Depois de discutir em grupo sobre o real significado de um trecho da ISO 9001, sem chegar a um consenso, consultei o professor Cláudio Moreno, um dos maiores especialistas em língua portuguesa no Brasil. A dúvida, que era pra ser gramatical, trouxe uma resposta muito mais efetiva. O professor respondeu que, se o texto deixa dúvidas e gera debates, independente da regra gramatical, o fato é que ele foi mal construído. Um bom texto é aquele que passa a mensagem de forma clara. O texto da ISO é complexo em vários aspectos, tanto que é preciso pagar a um consultor para compreendê-lo e implementá-lo.

 

3) Gestão

Quantas empresas são certificadas ISO 9001 no Brasil? Enquanto meu celular está conectado com a lâmpada de casa, os dados publicados no site da ISO são de 2 anos atrás, com metodologia questionável. Medições mais profundas, como eficácia da implementação da norma, ou lucro associado ficam a cargo de iniciativas privadas. Estamos na era do Big Data. Aqui na Qualyteam sabemos quantas pessoas estão usando nosso sistema neste exato momento, com qual dispositivo e em qual parte do mundo. E isso é tão comum que nem consideramos diferencial.
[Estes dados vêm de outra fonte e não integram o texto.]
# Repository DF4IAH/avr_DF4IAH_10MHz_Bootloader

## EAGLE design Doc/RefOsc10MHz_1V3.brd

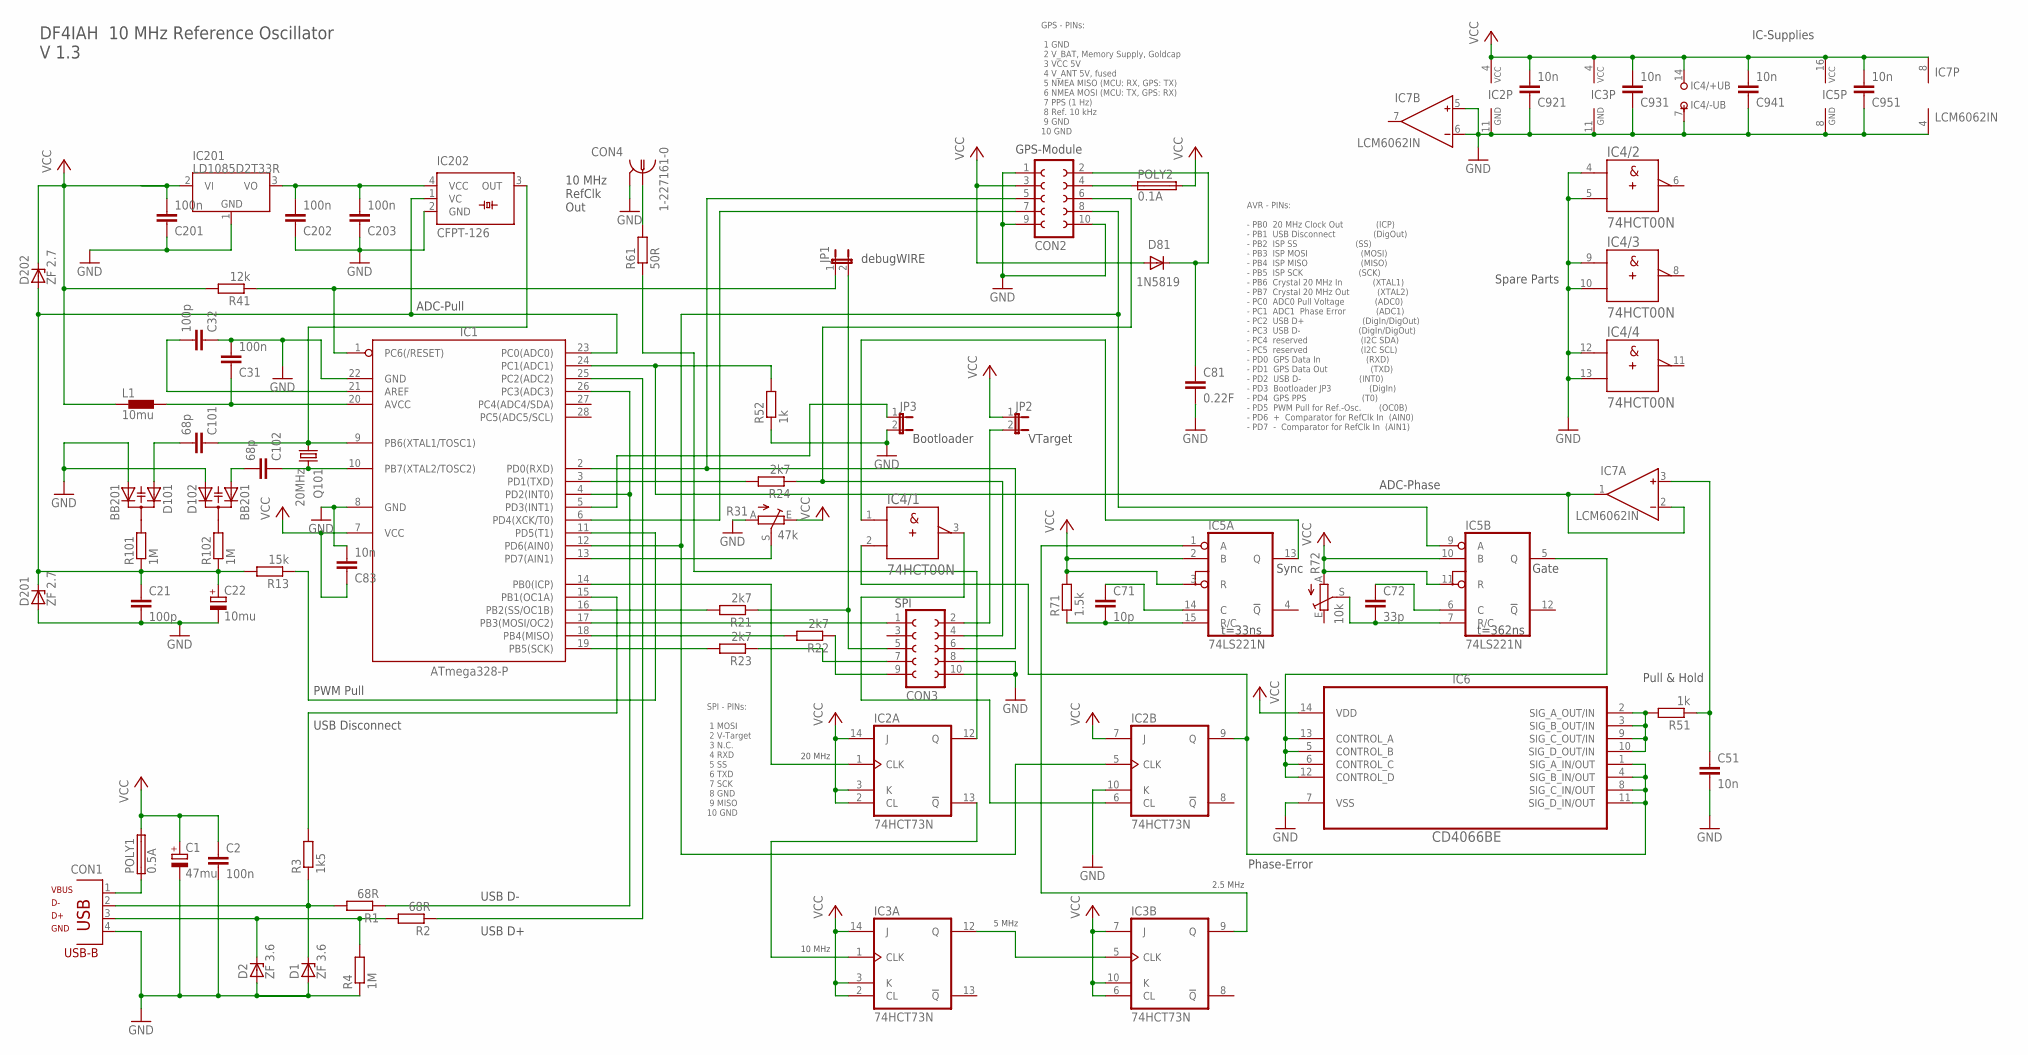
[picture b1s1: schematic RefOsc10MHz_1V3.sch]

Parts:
C1: 47mu; E2-4
C2, C31, C201, C202, C203: 100n; C5B3
C21, C32: 100p; C5B3
C22: 10mu; E2-4
C51, C83, C921, C931, C941, C951: 10n; C5B3
C71: 10p; C5B3
C72: 33p; C5B3
C81: 0.22F; C5B7.2
C101, C102: 68p; C5B3
CON1: PN61729
CON2, CON3: FE05-2
CON4: 1-227161-0; AMP_227161
D1, D2: ZF 3.6; DO41Z10
D81: 1N5819; DO41-10
D101, D102: BB201; SOT23
D201, D202: ZF 2.7; DO41Z10
IC1: ATmega328-P; DIL28-3
IC2, IC3: 74HCT73N; DIL14
IC4: 74HCT00N; DIL14
IC5: 74LS221N; DIL16
IC6: CD4066BE; DIP254P762X508-14
IC7: LCM6062IN; DIL08
IC201: LD10853.3; TO220V
IC202: CFPT-126; SM77H
JP1, JP2, JP3: JP1E; JP1
L1: 10mu; BL01RN1A
POLY1: 0.5A; TE5
POLY2: 0.1A; TE5
Q101: 20MHz; HC49U70
R1, R2: 68R; 0204/7
R3: 1k5; 0204/7
R4, R101, R102: 1M; 0204/7
R13: 15k; 0204/7
R21, R22, R23, R24: 2k7; 0204/7
R31: 47k; S64YW
R41: 12k; 0204/7
R51, R52: 1k; 0204/7
R61: 50R; 0204/7
R71: 1.5k; 0204/7
R72: 10k; S64YW

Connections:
GND: C1.-, C2.2, C21.2, C22.-, C31.2, C32.1, C51.2, C81.2, C83.2, C201.1, C202.1, C203.1, C921.1, C931.1, C941.1, C951.1, CON1.4, CON2.1, CON2.9, CON2.10, CON3.8, CON3.10, CON4.2, D1.A, D2.A, D101.2 (A2), D102.1 (A1), D201.A, IC1.8 (GND), IC1.22 (GND), IC2.10 (K), IC2.11 (GND), IC3.11 (GND), IC4.4 (A), IC4.5 (B), IC4.7 (-UB), IC4.9 (A), IC4.10 (B), IC4.12 (A), IC4.13 (B), IC5.8 (GND), IC6.7 (VSS), IC7.4 (V-), IC7.5 (IN+), IC7.6 (IN-), IC201.1 (GND), IC202.2 (GND), JP3.2, R4.1, R31.A, R52.1
N3V3: C202.2, C203.2, IC201.3 (VO), IC202.4 (VCC)
unnamed: C101.1, IC1.9 (PB6(XTAL1/TOSC1)), IC202.3 (OUT), Q101.1
unnamed: C102.1, IC1.10 (PB7(XTAL2/TOSC2)), Q101.2
unnamed: D102.3 (C), R102.2
unnamed: C101.2, D101.1 (A1)
unnamed: C21.1, C22.+, D201.C, D202.A, IC1.23 (PC0(ADC0)), IC202.1 (VC), R13.2, R101.1, R102.1
unnamed: CON1.2, D1.C, R1.2, R3.1
unnamed: CON1.3, D2.C, R2.2, R4.2
unnamed: IC1.4 (PD2(INT0)), IC1.26 (PC3(ADC3)), R1.1
unnamed: IC1.25 (PC2(ADC2)), R2.1
unnamed: IC1.16 (PB2(SS/OC1B)), R21.2
unnamed: CON3.1, IC1.17 (PB3(MOSI/OC2))
unnamed: IC1.19 (PB5(SCK)), R23.2
unnamed: C31.1, IC1.20 (AVCC), L1.2
unnamed: IC1.18 (PB4(MISO)), R22.2
unnamed: CON3.5, JP1.2, R21.1
unnamed: CON3.9, R22.1
unnamed: CON3.7, R23.1
unnamed: IC1.3 (PD1(TXD)), R24.2
unnamed: IC1.14 (PB0(ICP)), IC2.1 (CLK)
unnamed: CON2.5, CON3.6, IC1.2 (PD0(RXD))
unnamed: CON2.6, CON3.4, R24.1
unnamed: IC1.1 (PC6(/RESET)), JP1.1, R41.1
unnamed: CON3.2, JP2.2
unnamed: CON2.8, IC1.12 (PD6(AIN0)), IC2.5 (CLK), IC5.9 (A)
unnamed: IC1.13 (PD7(AIN1)), R31.S
unnamed: IC1.11 (PD5(T1)), R13.1
unnamed: C32.2, IC1.21 (AREF)
unnamed: IC1.5 (PD3(INT1)), JP3.1
unnamed: C102.2, D102.2 (A2)
unnamed: D101.3 (C), R101.2
unnamed: IC2.12 (Q), R61.1
unnamed: IC2.9 (Q), IC4.2 (B), IC6.1 (SIG_A_IN/OUT), IC6.4 (SIG_B_IN/OUT), IC6.8 (SIG_C_IN/OUT), IC6.11 (SIG_D_IN/OUT)
unnamed: IC6.2 (SIG_A_OUT/IN), IC6.3 (SIG_B_OUT/IN), IC6.9 (SIG_C_OUT/IN), IC6.10 (SIG_D_OUT/IN), R51.2
unnamed: C51.1, IC7.3 (IN+), R51.1
unnamed: IC2.6 (CL), IC4.3 (Y)
unnamed: IC5.5 (Q), IC6.5 (CONTROL_B), IC6.6 (CONTROL_C), IC6.12 (CONTROL_D), IC6.13 (CONTROL_A)
unnamed: IC1.24 (PC1(ADC1)), IC7.1 (OUT), IC7.2 (IN-), R52.2
unnamed: CON1.1, POLY1.1
unnamed: CON2.4, POLY2.1
unnamed: CON2.7, IC1.6 (PD4(XCK/T0))
unnamed: IC1.15 (PB1(OC1A)), R3.2
unnamed: CON4.1, R61.2
unnamed: IC4.1 (A), IC5.13 (Q)
unnamed: C72.2, IC5.7 (R/C), R72.S
unnamed: C72.1, IC5.6 (C)
unnamed: IC3.9 (Q), IC5.1 (A)
unnamed: C71.2, IC5.15 (R/C), R71.1
unnamed: C71.1, IC5.14 (C)
unnamed: IC2.13 (!Q), IC3.1 (CLK)
unnamed: IC3.5 (CLK), IC3.12 (Q)
unnamed: C81.1, CON2.2, D81.C
VCC: C1.+, C2.1, C83.1, C201.2, C921.2, C931.2, C941.2, C951.2, CON2.3, D81.A, D202.C, IC1.7 (VCC), IC2.2 (CL), IC2.3 (K), IC2.4 (VCC), IC2.7 (J), IC2.14 (J), IC3.2 (CL), IC3.3 (K), IC3.4 (VCC), IC3.6 (CL), IC3.7 (J), IC3.10 (K), IC3.14 (J), IC4.14 (+UB), IC5.2 (B), IC5.3 (R), IC5.10 (B), IC5.11 (R), IC5.16 (VCC), IC6.14 (VDD), IC7.8 (V+), IC201.2 (VI), JP2.1, L1.1, POLY1.2, POLY2.2, R31.E, R41.2, R71.2, R72.A

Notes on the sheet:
VTarget
debugWIRE
VBUS
GND
USB-B
AVR - PINs: - PB0 20 MHz Clock Out (ICP) - PB1 USB Disconnect (DigOut) - PB2 ISP SS (SS) - PB3 ISP MOSI (MOSI) - PB4 ISP MISO (MISO) - PB5 ISP SCK (SCK) - PB6 Crystal 20 MHz In (XTAL1) - PB7 Crystal 20 MHz Out (XTAL2) - PC0 ADC0 Pull Voltage (ADC0) - PC1 ADC1 Phase Error (ADC1) - PC2 USB D+ (DigIn/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
SPI
10 MHz RefClk Out
Bootloader
Phase-Error
Gate
GPS-Module
GPS - PINs: 1 GND 2 V_BAT, Memory Supply, Goldcap 3 VCC 5V 4 V_ANT 5V, fused 5 NMEA MISO (MCU: RX, GPS: TX) 6 NMEA MOSI (MCU: TX, GPS: RX) 7 PPS (1 Hz) 8 Ref. 10 kHz 9 GND 10 GND
Pull & Hold
ADC-Phase
PWM Pull
ADC-Pull
Sync
t=33ns
t=362ns
IC-Supplies
Spare Parts
20 MHz
10 MHz
5 MHz
2.5 MHz
DF4IAH 10 MHz Reference Oscillator V 1.3
USB Disconnect
USB D-
USB D+
SPI - PINs: 1 MOSI 2 V-Target 3 N.C. 4 RXD 5 SS 6 TXD 7 SCK 8 GND 9 MISO 10 GND

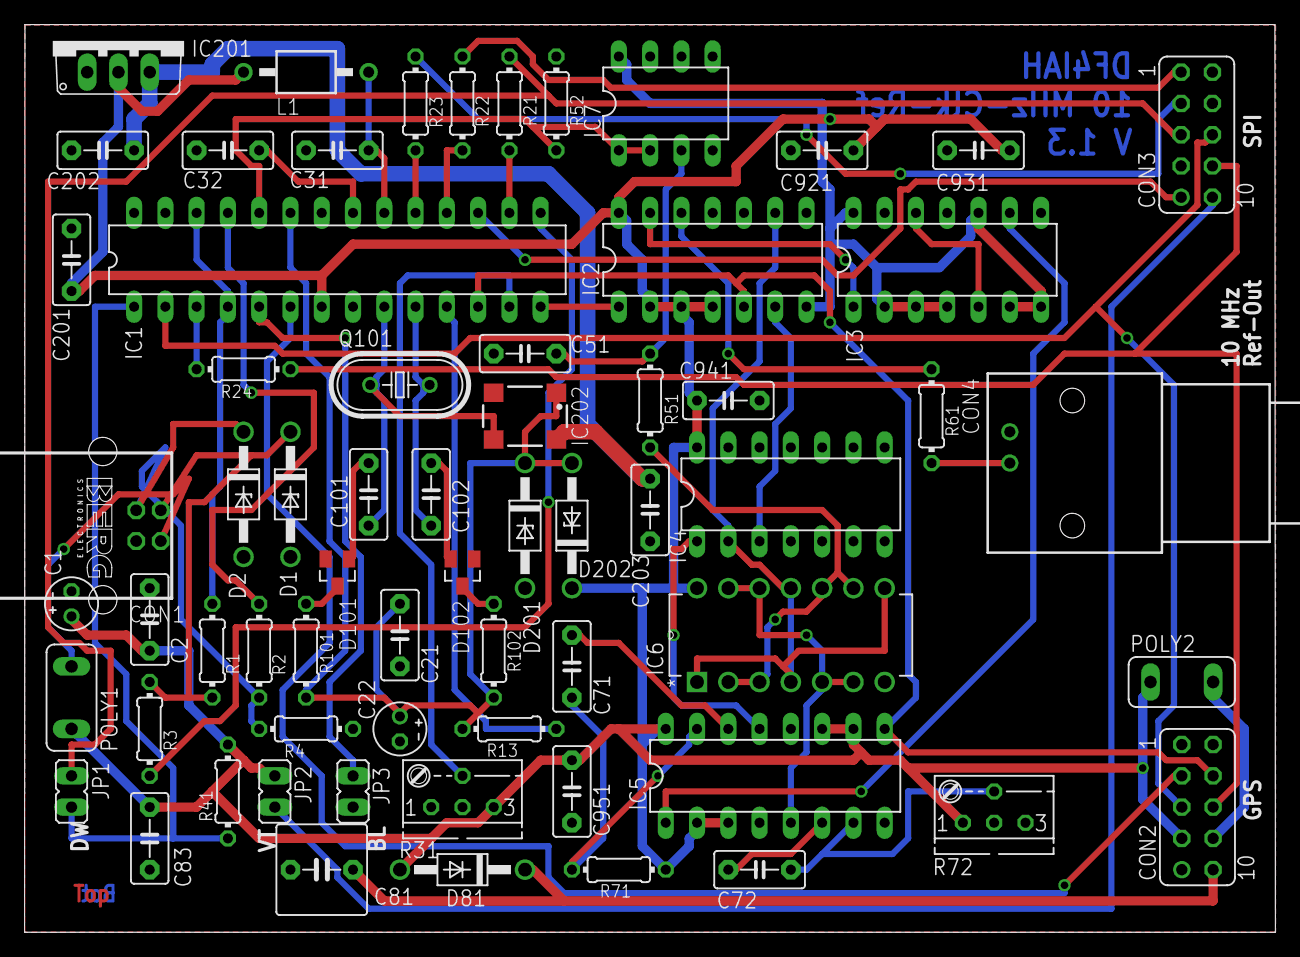
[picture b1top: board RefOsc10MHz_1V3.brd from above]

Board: 2 copper layers, 101.6 x 73.7 mm, 65 parts (0 on the bottom side), 54 nets.

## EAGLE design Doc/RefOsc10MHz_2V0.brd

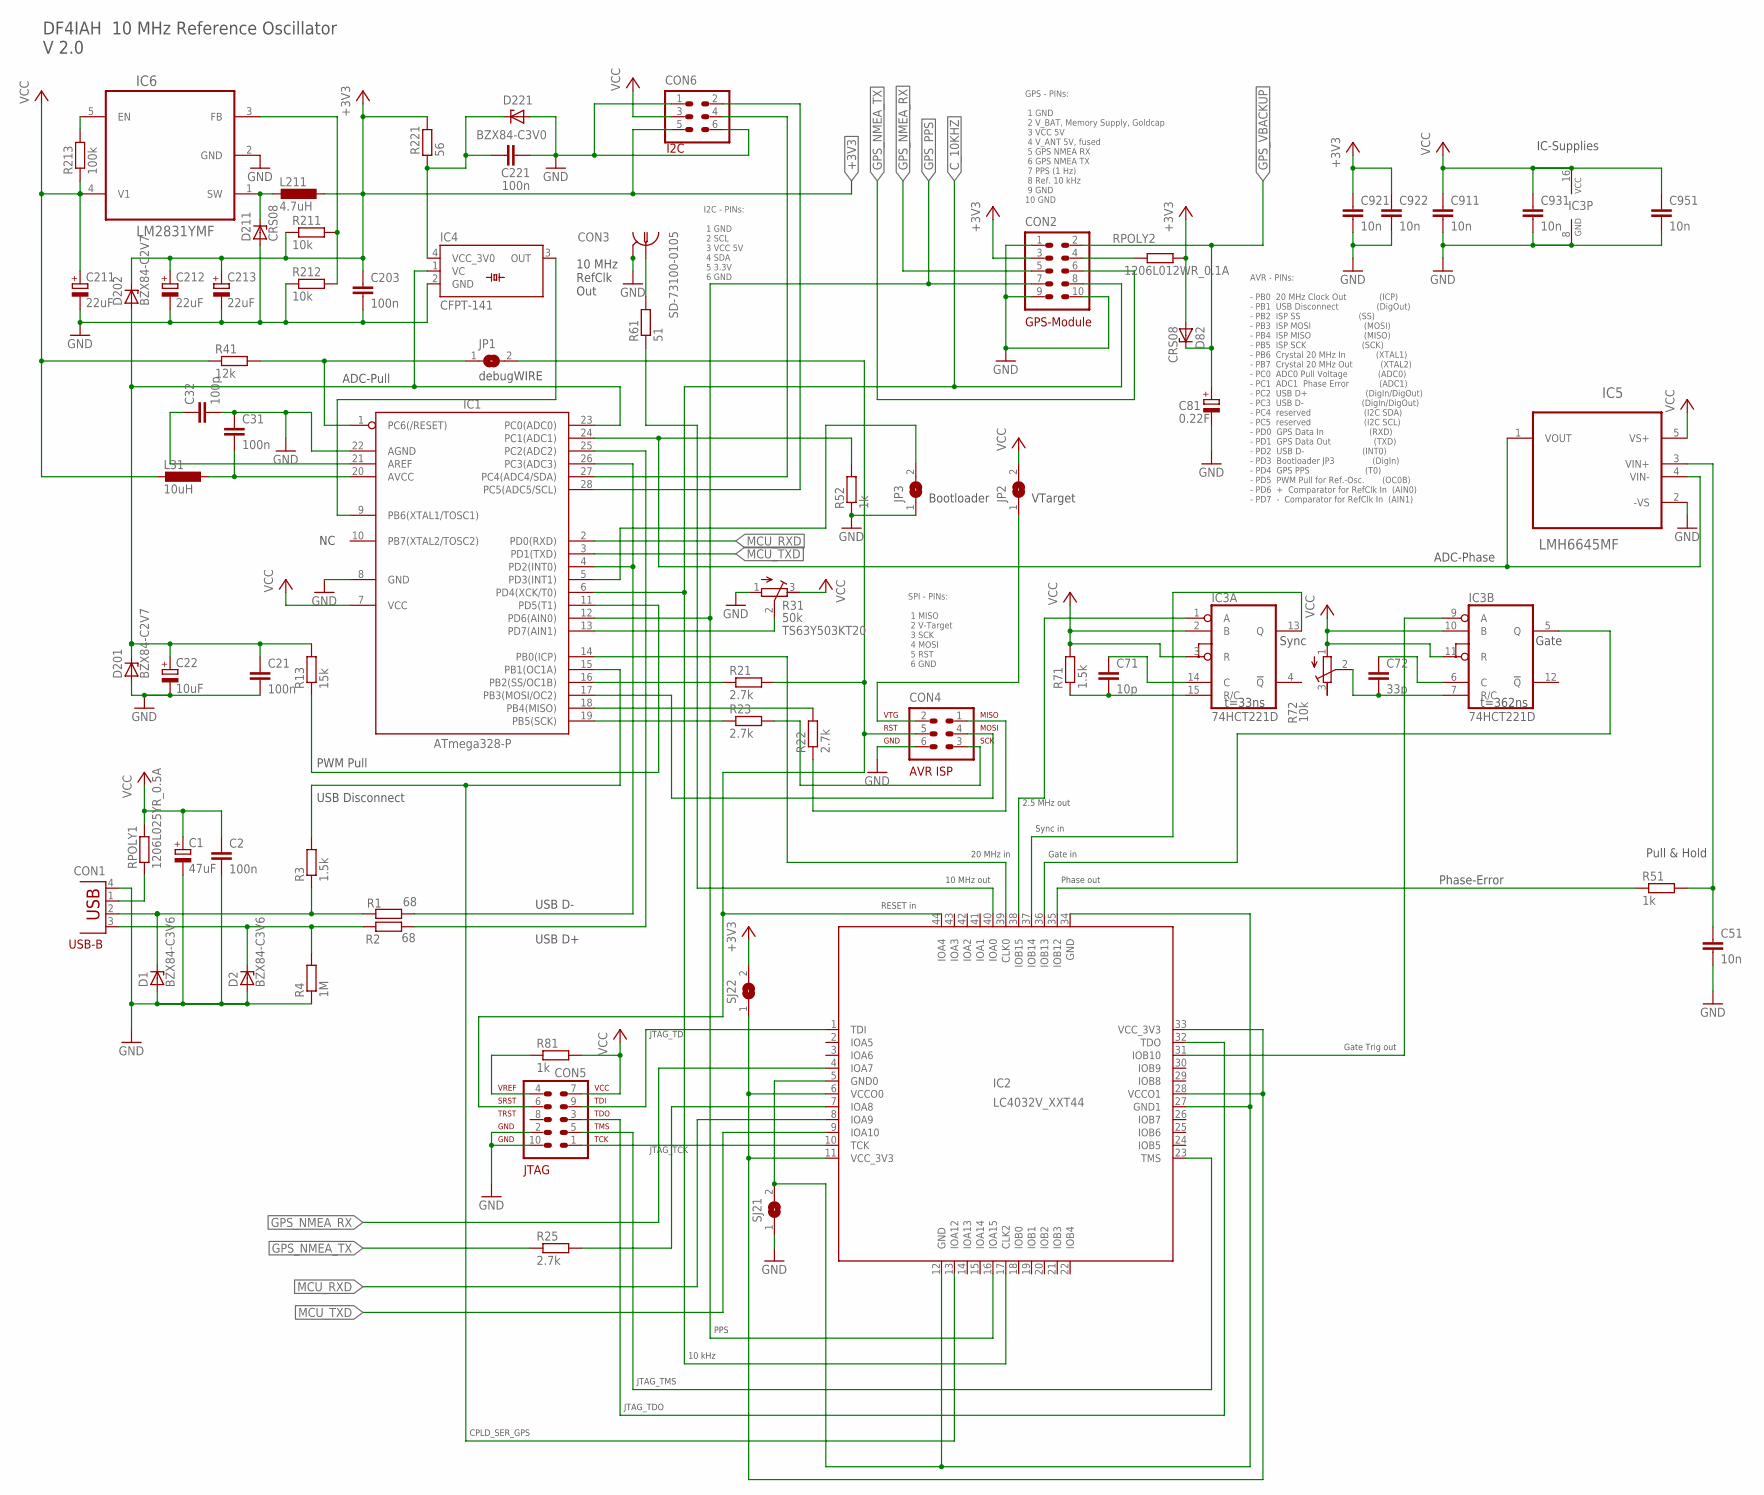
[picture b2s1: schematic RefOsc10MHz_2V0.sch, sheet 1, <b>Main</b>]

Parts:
C1: 47uF; PANASONIC_C
C2, C21, C31, C203, C221: 100n; C0805
C22: 10uF; PANASONIC_B
C32: 100p; C0805
C51, C911, C921, C922, C931, C951: 10n; C0805
C71: 10p; C0805
C72: 33p; C0805
C81: 0.22F; PANASONIC_C
C211, C212, C213: 22uF; A/3216-18W
CON1: TYCO-AMP_USBUSB-B_SMT; TYCO-AMP_USB-B_SMT
CON2: HEADER-2X5SMD; 2X5SMD
CON3: SD-73100-0105; MOLEX_BNC-JACK-50R_SD-73100-0105
CON4: AVR-ISP-6SMD; 2X3SMD
CON5: AVR-JTAG-10SMD; 2X5SMD
CON6: HEADER-2X3SMD; 2X03SMD
D1, D2: BZX84-C3V6; TO236
D82, D211: CRS08; SOT23
D201, D202: BZX84-C2V7; TO236
D221: BZX84-C3V0; TO236
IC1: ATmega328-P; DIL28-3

Outro problema de gestão é a metodologia de atualização das versões da norma, que me lembra por algum motivo a Igreja Católica. Manter um texto intacto por 8 anos é surreal. Só é mais dinâmico que a bíblia, que teve sua última atualização no ano 2000. As empresas evoluem muito mais rápido que isso.

IDEO_Lufthansa_Testcenter

Além de demoradas, as atualizações da norma são pouquíssimo embasadas. Construídas sob debates e mais debates entre engenheiros, a portas fechadas. Para efeito de comparação, vejamos a atualização do serviço business class da Lufthansa. Diversas empresas foram contratadas pela marca alemã para descobrir o que deve ser melhorado. Profissionais experimentaram diferentes papéis, desde passageiros até comissários de bordo, analisaram serviços semelhantes e identificaram padrões de conceito de luxo em diferentes culturas. Um modelo em tamanho real do Airbus A380, com passageiros reais foi montado para fazer experimentos da experiência do serviço. Percebe a diferença?

 

4) Relacionamento

A ISO não certifica, não faz consultoria. Não pode citar a norma, usar a marca, reproduzir ilustrações. É um modelo defasado de relacionamento. A FNQ possui diversos atrativos em seu portal, desde artigos e webcasts até uma rede social para troca de conhecimento entre profissionais. Anualmente a FNQ organiza concursos que incentivam a adoção do MEG e premiam empresas com melhores resultados.

 

Como surgiu esse abismo?

O seu papo não está interessante para as pessoas à sua volta? Talvez o problema não seja delas. Uma reação comum de quem não se sente compreendido é o desprezo pelos demais. Quando isso acontece, se abre uma cratera na comunicação, que engole qualquer possibilidade de entendimento e compartilhamento de ideias. É o que acontece com a ISO.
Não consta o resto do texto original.